Я стояла на коленях, прижавшись лбом к зернистому цементу. Я могла бы покончить с этим прямо сейчас, при помощи ножа, который мне теперь был доступен. Перерезать вены, глубже вскрыть шрамы, оставленные браслетом в то время, когда мое детство еще не совсем ушло, когда я дергала за эту цепь, раздирая себе кожу. Но я только с яростью терла мои бывшие раны об пол, чтобы ощутить хоть что-то, боль, конечно, но также и видимость жизни.
Поскольку я знала, что умерла в тот день, когда согласилась делить свою жизнь с этим мужчиной. Все это ощущение безопасности, тошнотворного счастья было ничем иным, как тюрьмой, гораздо более опасным и безвозвратным местом, чем этот погреб, казавшийся мне теперь убежищем от незаметной демонизации моей души, вызванной обольстительными словами фермера.
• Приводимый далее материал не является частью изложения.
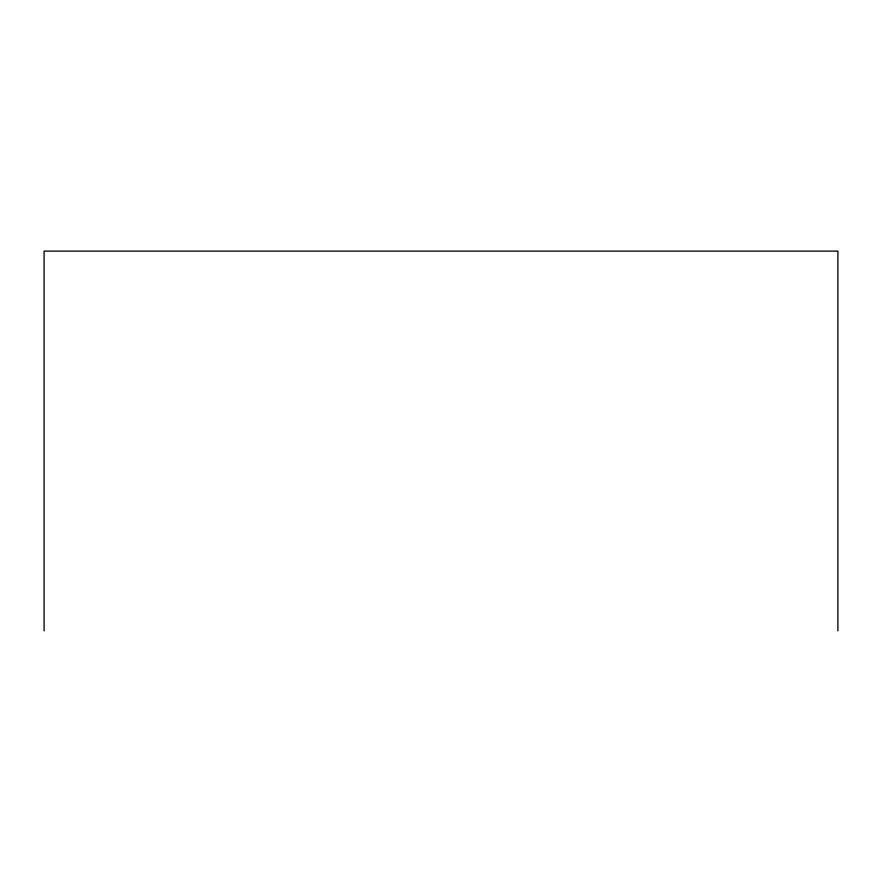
<?xml version="1.0" encoding="UTF-8"?>
<svg xmlns="http://www.w3.org/2000/svg" width="882" height="882" viewBox="0 0 882 882"><rect width="100%" height="100%" fill="white"/><g stroke="black" fill="none" stroke-linecap="round" stroke-linejoin="round"><path stroke-width="1.32" d="M837.9 630.884L837.9 251.116L44.1 251.116L44.1 630.884"/></g></svg>

«Родимый, лесной царь со мной говорит:
Он золото, перлы и радость сулит».
Затем я услышала за спиной легкий шум и обернулась. Они почти все были здесь. Привлеченные разыгравшейся драмой и запахом крови. Они подошли ко мне и потерлись об ноги.
Коты. Его дети. Его трофеи.
Я поднялась наверх. Мне нужно было сделать еще кое-что, прежде чем исчезнуть на острове навсегда. Пытаясь унять свою дрожь, я рылась в ящиках в поисках «блага Вселенной». «Скоро, совсем скоро, я буду с тобой, бабушка, я уже представляю, как «Лазарус» входит в порт, я чувствую легкое покачивание, когда поднимаюсь на палубу…»
Я вдохнула морской воздух, в то время как Поль стоял рядом со мной и показывал мне остров, вырисовывающийся на горизонте.
Я наполнила миски, спустившись на причал и собираясь идти в гостиницу.
Я добавила снотворного, когда рассматривала снимки бывшего лагеря, висевшие на стене.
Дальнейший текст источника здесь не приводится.